Indeed, for each \(i\in \{1,\ldots ,d\}\), distributionally

$$\begin{aligned} \begin{aligned} \nabla \cdot \left( \sigma _i\nabla \left( \eta _\rho ^\epsilon \partial _iv^\epsilon \right) \right)&= \partial _j\left( \sigma _{ijk}\partial _{k}\left( \eta _\rho ^\epsilon \partial _iv^\epsilon \right) \right) \\&= \partial _j\sigma _{ijk}\partial _k\left( \eta _\rho ^\epsilon \partial _iv^\epsilon \right) +\sigma _{ijk}\partial _j\partial _k\left( \eta _\rho ^\epsilon \partial _iv^\epsilon \right) \\&= -\partial _j\sigma _{ikj}\partial _k\left( \eta _\rho ^\epsilon \partial _iv^\epsilon \right) +\sigma _{ijk}\partial _j\partial _k\left( \eta _\rho ^\epsilon \partial _iv^\epsilon \right) \\&= -(\nabla \cdot \sigma _i)\cdot \nabla \left( \eta _\rho ^\epsilon \partial _iv^\epsilon \right) , \end{aligned} \end{aligned}$$

where the penultimate inequality follows from the skew-symmetry of \(\sigma \) and the final equality from the skew-symmetry of \(\sigma \) and the equality of mixed partial derivatives.

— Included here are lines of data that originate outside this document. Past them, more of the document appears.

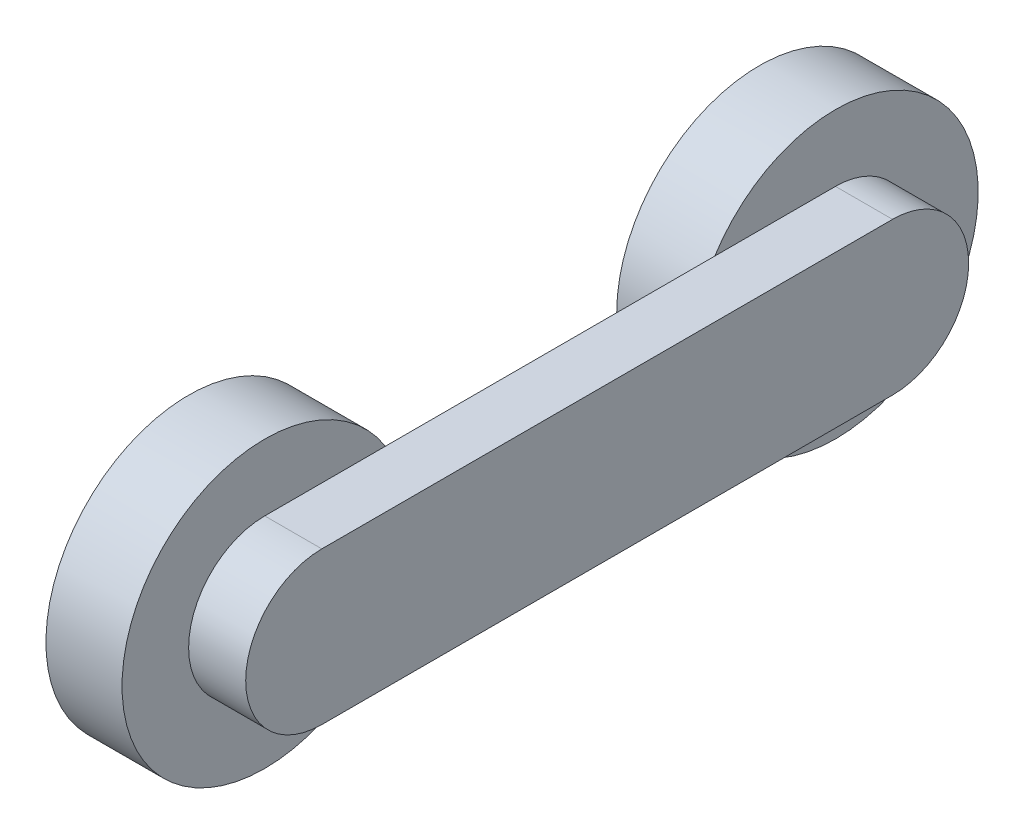
from build123d import *

# Parameters (mm, degrees)
SKETCH1_R           = 75
BOSS_EXTRUDE1_DEPTH = 40
BOSS_EXTRUDE2_DEPTH = 30
SKETCH3_R           = 75
BOSS_EXTRUDE3_DEPTH = 40


with BuildPart() as part:
    # Sketch1 → Boss-Extrude1 (new body)
    with BuildSketch(Plane(origin=(0, 0, 0), x_dir=(0, 0, -1), z_dir=(1, 0, 0))):
        Circle(SKETCH1_R)
    extrude(amount=BOSS_EXTRUDE1_DEPTH)

    # Sketch2 → Boss-Extrude2 (add)
    with BuildSketch(Plane(origin=(40, 0, 0), x_dir=(0, 0, -1), z_dir=(1, 0, 0))):
        with BuildLine():
            Line((0, 40), (300, 40))
            ThreePointArc((300, 40), (340, 0), (300, -40))
            Line((300, -40), (0, -40))
            ThreePointArc((0, -40), (-40, 0), (0, 40))
        make_face()
    extrude(amount=BOSS_EXTRUDE2_DEPTH)

    # Sketch3 → Boss-Extrude3 (add)
    with BuildSketch(Plane.ZY.offset(-40)):
        with Locations((-300, 0)):
            Circle(SKETCH3_R)
    extrude(amount=BOSS_EXTRUDE3_DEPTH)


solid = part.part

Therefore, returning to (100), the equality (101) and the distributional equality

$$\begin{aligned} \nabla \psi _i\cdot \nabla \left( \eta _\rho ^\epsilon \partial _iv^\epsilon \right) =\nabla \cdot \left( \psi _i\nabla \left( \eta _\rho ^\epsilon \partial _iv^\epsilon \right) \right) -\psi _i\varDelta \left( \eta _\rho ^\epsilon \partial _iv^\epsilon \right) \end{aligned}$$

imply that

$$\begin{aligned}&(q_i-a_{\mathrm {hom}}e_i)\cdot \nabla \left( \eta _\rho ^\epsilon \partial _iv^\epsilon \right) \nonumber \\&\quad =\nabla \cdot \left( (\psi _i-\sigma _i)\nabla \left( \eta _\rho ^\epsilon \partial _iv^\epsilon \right) \right) +\partial _t\zeta _i\cdot \nabla \left( \eta _\rho ^\epsilon \partial _iv^\epsilon \right) -\psi _i\varDelta \left( \eta _\rho ^\epsilon \partial _iv^\epsilon \right) .\quad \end{aligned}$$

(102)

Therefore, returning to (99), in view of (102), it follows that

$$\begin{aligned} \begin{aligned}w_t-\nabla \cdot a\nabla w&= \nabla \cdot \left( \left( 1-\eta _\rho ^\epsilon \right) (a-a_{\mathrm {hom}})\nabla v^\epsilon +(\phi _ia+\psi _i-\sigma _i)\nabla \left( \eta _\rho ^\epsilon \partial _iv^\epsilon \right) \right) \\&\quad +\partial _t\zeta _i\cdot \nabla \left( \eta _\rho ^\epsilon \partial _iv^\epsilon \right) -\phi _i \left( \eta _\rho ^\epsilon \partial _iv^\epsilon \right) _t-\psi _i\varDelta \left( \eta _\rho ^\epsilon \partial _iv^\epsilon \right) , \end{aligned} \end{aligned}$$

(103)

which completes the proof of (95). This equation will later be used to obtain an energy estimate for the augmented homogenization error. However, before this it is useful to recall three classical estimates concerning the boundary and interior regularity of \(a_{\mathrm {hom}}\)-caloric functions.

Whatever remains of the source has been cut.